Although 10 μM baicalein alone exhibited mild impact on the proliferation of PC cells, combination treatment of baicalein with gemcitabine/docetaxel resulted in obvious suppression of cell proliferation. Cell cycle arrest is one of the most important cellular mechanisms leading to proliferation inhibition of tumor cells. Our study showed that high dose of baicalein alone (50 or 100 μM) could result in cell cycle arrest of PC cells in S phase. This is in accordance with previous studies in which baicalein alone could lead to G0/G1, G2/M and S-phase arrest in various cancer cells (14,21–24). In addition, combination treatment of baicalein with docetaxel increased approximately 15% ratio of S-phase of PC cells. The cell cycle change caused by baicalein gave further explanations to its capacity to inhibit cell growth of PC cells.
Metastasis is another critical factor associated with the poor OS in PC patients. Therefore, investigators have tried new combination drug therapy regimens in order to prolong OS of metastatic PC patients (5,6,25,26). We conducted wound healing assay to evaluate migration ability of PC cells in the presence of baicalein at different concentrations or in combination treatment. The results not only revealed the potential of baicalein at high concentrations to inhibit migration of PC cells, but also indicated that it might be a potent adjuvant benefiting the inhibitory ability of gemcitabine/docetaxel on migration of PC cells.
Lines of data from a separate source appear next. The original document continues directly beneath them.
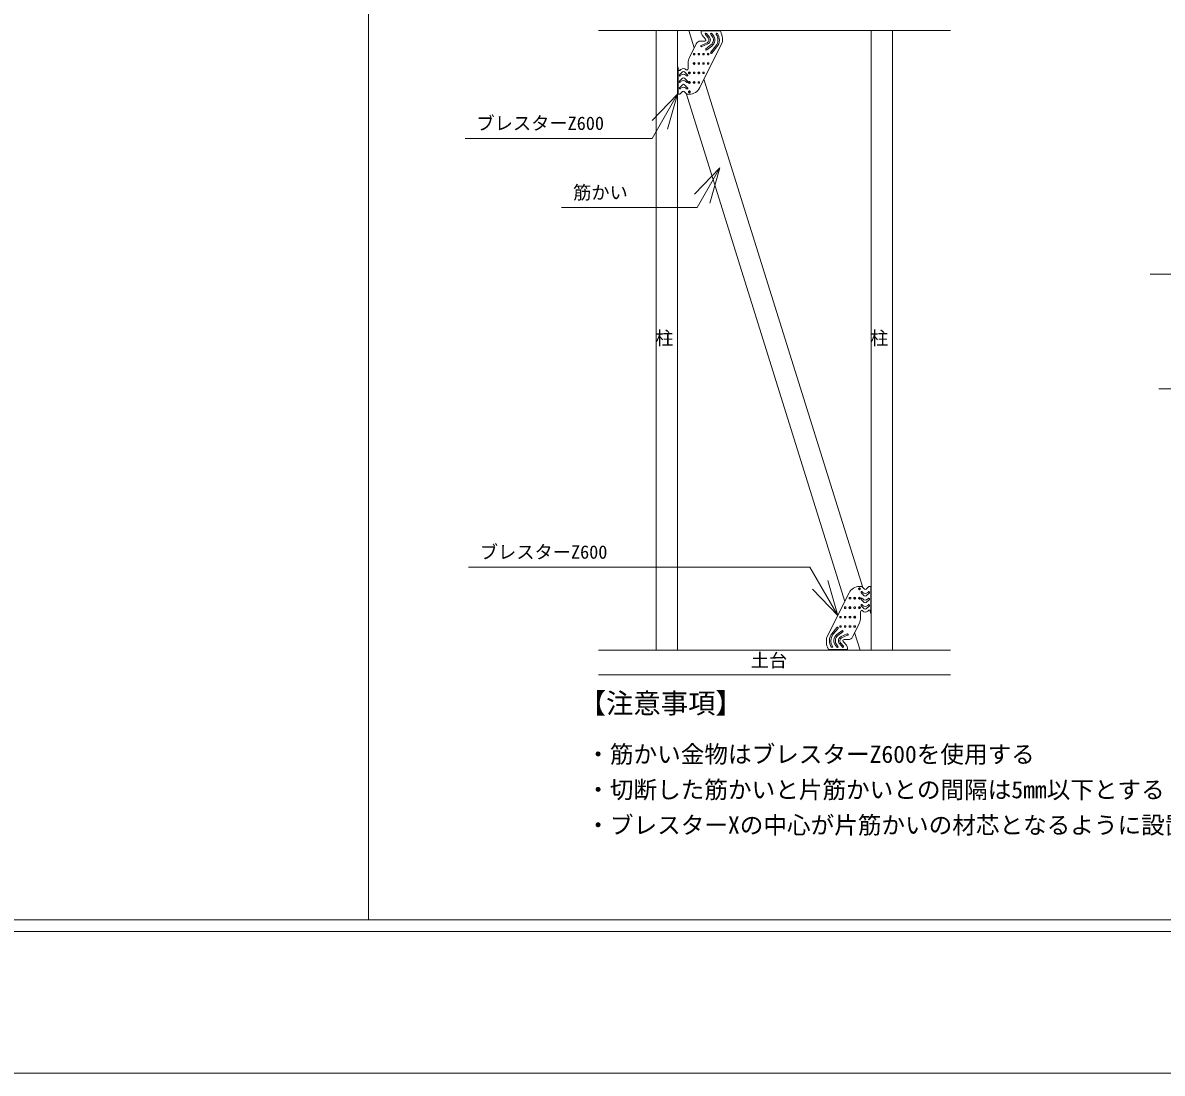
# Model space of a CAD drawing. Units: millimetres, scale not verified. Extents: x -2100 to 2100, y -1485 to 1485.
# Drawn here: x -1243 to -278, y -1400 to -510 of the extents above; entities that cross this region are included whole.
import ezdxf
from ezdxf.enums import TextEntityAlignment as Align

# ---------------------------------------------------------------- set-up
doc = ezdxf.new("R2010")
doc.units = ezdxf.units.MM
doc.header["$LTSCALE"] = 5
doc.linetypes.add('CHAIN', pattern=[18.5, 12, -1.5, 3.5, -1.5])
doc.linetypes.add('USER1', pattern=[1, 0.5, -0.5])
for name, color, linetype, lineweight in [('0-0_0', 7, 'Continuous', 18), ('0-1_レイヤ14', 6, 'Continuous', 18), ('0-2_レイヤ15', 3, 'USER1', 18), ('0-3_レイヤ0', 2, 'Continuous', 18)]:
    doc.layers.add(name, color=color, linetype=linetype, lineweight=lineweight)
doc.styles.add('ＭＳ ゴシック', font='')
doc.styles.get('ＭＳ ゴシック').set_extended_font_data('MS Gothic')

msp = doc.modelspace()

# ---------------------------------------------------------------- linework, layer by layer
at = {"layer": '0-1_レイヤ14', "color": 2}
msp.add_line((-950, -1270), (-950, 1210), dxfattribs=at)
at = {"layer": '0-2_レイヤ15', "color": 2, "linetype": 'Continuous'}
for p, q in [((2000, -1270), (-2000, -1270)), ((2000, -1280), (-2000, -1280)), ((2000, -1400), (-2000, -1400))]:
    msp.add_line(p, q, dxfattribs=at)
at = {"layer": '0-3_レイヤ0', "color": 3}
for p, q in [((-755.427, -516.629), (-457.427, -516.629)), ((-706.427, -516.629), (-706.427, -1041.629)), ((-688.427, -516.629), (-688.427, -1041.629)), ((-674.356, -531.487), (-678.998, -516.629)), ((-524.427, -516.629), (-524.427, -1041.629)), ((-506.427, -516.629), (-506.427, -1041.629)), ((-687.2, -550.741), (-688.427, -546.813)), ((-531.612, -988.443), (-666.089, -557.953)), ((-546.764, -1000.304), (-681.241, -569.814)), ((-524.427, -1011.445), (-525.619, -1007.629)), ((-533.856, -1041.629), (-538.497, -1026.77)), ((-755.427, -1041.629), (-457.427, -1041.629)), ((-755.427, -1062.629), (-457.427, -1062.629))]:
    msp.add_line(p, q, dxfattribs=at)
at = {"layer": '0-3_レイヤ0'}
for p, q in [((-668.427, -516.629), (-652.427, -516.629)), ((-668.427, -516.629), (-668.427, -518.139)), ((-668.427, -517.089), (-652.427, -517.089)), ((-667.453, -520.755), (-664.67, -523.975)), ((-664.888, -520.013), (-662.429, -522.965)), ((-663.966, -519.245), (-661.507, -522.197)), ((-660.279, -520.023), (-659.358, -521.078)), ((-659.375, -519.234), (-658.454, -520.289)), ((-652.427, -516.629), (-652.427, -517.089)), ((-672.532, -527.84), (-678.371, -539.517)), ((-669.663, -565.101), (-650.585, -526.946)), ((-668.954, -525.629), (-665.427, -525.629)), ((-668.471, -529.281), (-663.367, -527.003)), ((-667.982, -530.376), (-662.878, -528.099)), ((-664.39, -532.151), (-660.154, -528.924)), ((-663.663, -533.106), (-659.427, -529.879)), ((-660.294, -535.052), (-656.041, -529.773)), ((-659.359, -535.805), (-655.106, -530.526)), ((-675.027, -537.029), (-675.027, -536.229)), ((-674.827, -536.029), (-674.027, -536.029)), ((-674.027, -537.229), (-674.827, -537.229)), ((-673.827, -536.229), (-673.827, -537.029)), ((-671.027, -537.029), (-671.027, -536.229)), ((-670.827, -536.029), (-670.027, -536.029)), ((-670.027, -537.229), (-670.827, -537.229)), ((-669.827, -536.229), (-669.827, -537.029)), ((-667.027, -537.029), (-667.027, -536.229)), ((-666.827, -536.029), (-666.027, -536.029)), ((-666.027, -537.229), (-666.827, -537.229)), ((-665.827, -536.229), (-665.827, -537.029)), ((-663.027, -537.029), (-663.027, -536.229)), ((-662.827, -536.029), (-662.027, -536.029)), ((-662.027, -537.229), (-662.827, -537.229)), ((-661.827, -536.229), (-661.827, -537.029)), ((-685.548, -549.75), (-686.134, -550.336)), ((-681.134, -549.921), (-681.305, -549.75)), ((-681.305, -549.75), (-681.134, -549.921)), ((-681.134, -549.921), (-681.151, -549.904)), ((-679.427, -543.989), (-679.427, -549.214)), ((-671.027, -545.029), (-671.027, -544.229)), ((-670.827, -544.029), (-670.027, -544.029)), ((-670.027, -545.229), (-670.827, -545.229)), ((-669.827, -544.229), (-669.827, -545.029)), ((-667.027, -545.029), (-667.027, -544.229)), ((-666.827, -544.029), (-666.027, -544.029)), ((-666.027, -545.229), (-666.827, -545.229)), ((-665.827, -544.229), (-665.827, -545.029)), ((-663.027, -545.029), (-663.027, -544.229)), ((-662.827, -544.029), (-662.027, -544.029)), ((-662.027, -545.229), (-662.827, -545.229)), ((-661.827, -544.229), (-661.827, -545.029)), ((-686.841, -550.629), (-688.427, -550.629)), ((-687.967, -570.629), (-687.967, -550.629)), ((-686.851, -554.204), (-684.275, -551.629)), ((-686.851, -559.604), (-684.275, -557.029)), ((-686.002, -555.053), (-685.548, -554.598)), ((-680.002, -554.204), (-682.578, -551.629)), ((-680.002, -559.604), (-682.578, -557.029)), ((-680.851, -555.053), (-681.305, -554.598)), ((-675.027, -553.029), (-675.027, -552.229)), ((-674.827, -552.029), (-674.027, -552.029)), ((-674.027, -553.229), (-674.827, -553.229)), ((-673.827, -552.229), (-673.827, -553.029)), ((-667.027, -553.029), (-667.027, -552.229)), ((-666.827, -552.029), (-666.027, -552.029)), ((-666.027, -553.229), (-666.827, -553.229)), ((-665.827, -552.229), (-665.827, -553.029)), ((-686.851, -565.204), (-684.275, -562.629)), ((-686.134, -570.336), (-684.134, -568.336)), ((-686.002, -560.453), (-685.548, -559.998)), ((-686.002, -566.053), (-685.548, -565.598)), ((-682.72, -568.336), (-680.72, -570.336)), ((-680.002, -565.204), (-682.578, -562.629)), ((-680.851, -560.453), (-681.305, -559.998)), ((-680.851, -566.053), (-681.305, -565.598)), ((-671.027, -561.029), (-671.027, -560.229)), ((-670.827, -560.029), (-670.027, -560.029)), ((-670.027, -561.229), (-670.827, -561.229)), ((-669.827, -560.229), (-669.827, -561.029)), ((-680.012, -570.629), (-678.607, -570.629)), ((-543.191, -993.156), (-562.268, -1031.311)), ((-532.841, -987.629), (-534.246, -987.629)), ((-532.851, -993.053), (-530.275, -995.629)), ((-530.134, -989.921), (-532.134, -987.921)), ((-532.002, -992.204), (-531.548, -992.659)), ((-526.72, -987.921), (-528.72, -989.921)), ((-526.002, -993.053), (-528.578, -995.629)), ((-526.851, -992.204), (-527.305, -992.659)), ((-524.887, -987.629), (-524.887, -1007.629)), ((-543.027, -998.029), (-543.027, -997.229)), ((-542.827, -997.029), (-542.027, -997.029)), ((-542.027, -998.229), (-542.827, -998.229)), ((-541.827, -997.229), (-541.827, -998.029)), ((-532.851, -998.653), (-530.275, -1001.229)), ((-532.002, -997.804), (-531.548, -998.259)), ((-532.002, -1003.204), (-531.548, -1003.659)), ((-526.002, -998.653), (-528.578, -1001.229)), ((-526.851, -997.804), (-527.305, -998.259)), ((-526.851, -1003.204), (-527.305, -1003.659)), ((-550.827, -1013.029), (-550.027, -1013.029)), ((-547.027, -1006.029), (-547.027, -1005.229)), ((-546.827, -1005.029), (-546.027, -1005.029)), ((-546.027, -1006.229), (-546.827, -1006.229)), ((-546.827, -1013.029), (-546.027, -1013.029)), ((-545.827, -1005.229), (-545.827, -1006.029)), ((-542.827, -1013.029), (-542.027, -1013.029)), ((-539.027, -1006.029), (-539.027, -1005.229)), ((-538.827, -1005.029), (-538.027, -1005.029)), ((-538.027, -1006.229), (-538.827, -1006.229)), ((-537.827, -1005.229), (-537.827, -1006.029)), ((-533.427, -1014.268), (-533.427, -1009.043)), ((-532.851, -1004.053), (-530.275, -1006.629)), ((-531.72, -1008.336), (-531.702, -1008.353)), ((-531.72, -1008.336), (-531.548, -1008.507)), ((-531.548, -1008.507), (-531.72, -1008.336)), ((-526.002, -1004.053), (-528.578, -1006.629)), ((-527.305, -1008.507), (-526.72, -1007.921)), ((-526.012, -1007.629), (-524.427, -1007.629)), ((-553.494, -1022.452), (-557.747, -1027.732)), ((-551.027, -1014.029), (-551.027, -1013.229)), ((-551.027, -1022.029), (-551.027, -1021.229)), ((-550.027, -1014.229), (-550.827, -1014.229)), ((-550.827, -1021.029), (-550.027, -1021.029)), ((-550.027, -1022.229), (-550.827, -1022.229)), ((-549.827, -1013.229), (-549.827, -1014.029)), ((-549.827, -1021.229), (-549.827, -1022.029)), ((-547.027, -1014.029), (-547.027, -1013.229)), ((-547.027, -1022.029), (-547.027, -1021.229)), ((-546.027, -1014.229), (-546.827, -1014.229)), ((-546.827, -1021.029), (-546.027, -1021.029)), ((-546.027, -1022.229), (-546.827, -1022.229)), ((-545.827, -1013.229), (-545.827, -1014.029)), ((-545.827, -1021.229), (-545.827, -1022.029)), ((-543.027, -1014.029), (-543.027, -1013.229)), ((-543.027, -1022.029), (-543.027, -1021.229)), ((-542.027, -1014.229), (-542.827, -1014.229)), ((-542.827, -1021.029), (-542.027, -1021.029)), ((-542.027, -1022.229), (-542.827, -1022.229)), ((-541.827, -1013.229), (-541.827, -1014.029)), ((-541.827, -1021.229), (-541.827, -1022.029)), ((-540.321, -1030.417), (-534.482, -1018.74)), ((-539.027, -1022.029), (-539.027, -1021.229)), ((-538.827, -1021.029), (-538.027, -1021.029)), ((-538.027, -1022.229), (-538.827, -1022.229)), ((-537.827, -1021.229), (-537.827, -1022.029)), ((-552.559, -1023.205), (-556.812, -1028.484)), ((-549.19, -1025.151), (-553.426, -1028.379)), ((-548.463, -1026.106), (-552.699, -1029.333)), ((-544.871, -1027.881), (-549.975, -1030.158)), ((-544.382, -1028.976), (-549.486, -1031.254)), ((-544.427, -1041.169), (-560.427, -1041.169)), ((-560.427, -1041.629), (-560.427, -1041.169)), ((-544.427, -1041.629), (-560.427, -1041.629)), ((-553.479, -1039.023), (-554.399, -1037.968)), ((-552.575, -1038.234), (-553.495, -1037.179)), ((-548.888, -1039.013), (-551.346, -1036.061)), ((-547.966, -1038.245), (-550.424, -1035.293)), ((-545.4, -1037.502), (-548.183, -1034.282)), ((-543.899, -1032.629), (-547.427, -1032.629)), ((-544.427, -1041.629), (-544.427, -1040.118))]:
    msp.add_line(p, q, dxfattribs=at)
at = {"layer": '0-3_レイヤ0', "color": 4, "linetype": 'CHAIN'}
for p, q in [((-675.467, -544.629), (-673.387, -544.629)), ((-674.427, -545.669), (-674.427, -543.589)), ((-679.467, -552.629), (-677.387, -552.629)), ((-678.427, -553.669), (-678.427, -551.589)), ((-678.427, -561.669), (-678.427, -559.589)), ((-674.427, -561.669), (-674.427, -559.589)), ((-671.467, -552.629), (-669.387, -552.629)), ((-670.427, -553.669), (-670.427, -551.589)), ((-679.467, -560.629), (-677.387, -560.629)), ((-679.467, -568.629), (-677.387, -568.629)), ((-678.427, -569.669), (-678.427, -567.589)), ((-675.467, -560.629), (-673.387, -560.629)), ((-533.387, -989.629), (-535.467, -989.629)), ((-534.427, -988.589), (-534.427, -990.669)), ((-537.387, -997.629), (-539.467, -997.629)), ((-538.427, -996.589), (-538.427, -998.669)), ((-533.387, -997.629), (-535.467, -997.629)), ((-534.427, -996.589), (-534.427, -998.669)), ((-541.387, -1005.629), (-543.467, -1005.629)), ((-542.427, -1004.589), (-542.427, -1006.669)), ((-538.427, -1012.589), (-538.427, -1014.669)), ((-533.387, -1005.629), (-535.467, -1005.629)), ((-534.427, -1004.589), (-534.427, -1006.669)), ((-537.387, -1013.629), (-539.467, -1013.629))]:
    msp.add_line(p, q, dxfattribs=at)
at = {"layer": '0-3_レイヤ0', "color": 3}
for points in [[(-674.097, -544.959), (-674.097, -544.299), (-674.757, -544.299), (-674.757, -544.959)], [(-678.097, -552.959), (-678.097, -552.299), (-678.757, -552.299), (-678.757, -552.959)], [(-670.097, -552.959), (-670.097, -552.299), (-670.757, -552.299), (-670.757, -552.959)], [(-678.097, -560.959), (-678.097, -560.299), (-678.757, -560.299), (-678.757, -560.959)], [(-678.097, -568.959), (-678.097, -568.299), (-678.757, -568.299), (-678.757, -568.959)], [(-674.097, -560.959), (-674.097, -560.299), (-674.757, -560.299), (-674.757, -560.959)], [(-534.757, -989.299), (-534.757, -989.959), (-534.097, -989.959), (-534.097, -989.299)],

Therefore, baicalein might be a promising drug to improve the outcome of current chemotherapy regimen for metastatic PC.
It has been reported that baicalein can induce apoptosis in many types of cancer (19,27–29). Consistently, in the current study, PC cells treated with baicalein suffered from obvious apoptotic change. This effect might be dependent on caspase-3/PARP signaling pathway. Furthermore, baicalein was found to strengthen the pro-apoptotic effects of docetaxel on PC cells. Curiously, the synergistic effects of baicalein with gemcitabine on PC cells seem to be independent on caspase-3/PARP signaling pathway. Therefore, its underlying mechanism needs to be further investigated.
In conclusion, our study demonstrate that baicalein has synergistic effects with gemcitabine/docetaxel on the proliferation, cell cycle, migration and apoptosis of PC cells. These data suggest that combination treatment containing baicalein might be a promising strategy to improve the outcome of clinical treatment for PC.
Acknowledgments
We would like to thank Dr Panwen Wang (Mayo Clinics, Rochester, MN, USA) for the revision of the manuscript. This study was supported by National Natural Foundation of China (no. 81500151), Wuhan Program (no. WX15Z03 and A2011-13) and Undergraduate Training Program for Innovation and Entrepreneurship by Wuhan University (no. S2016861).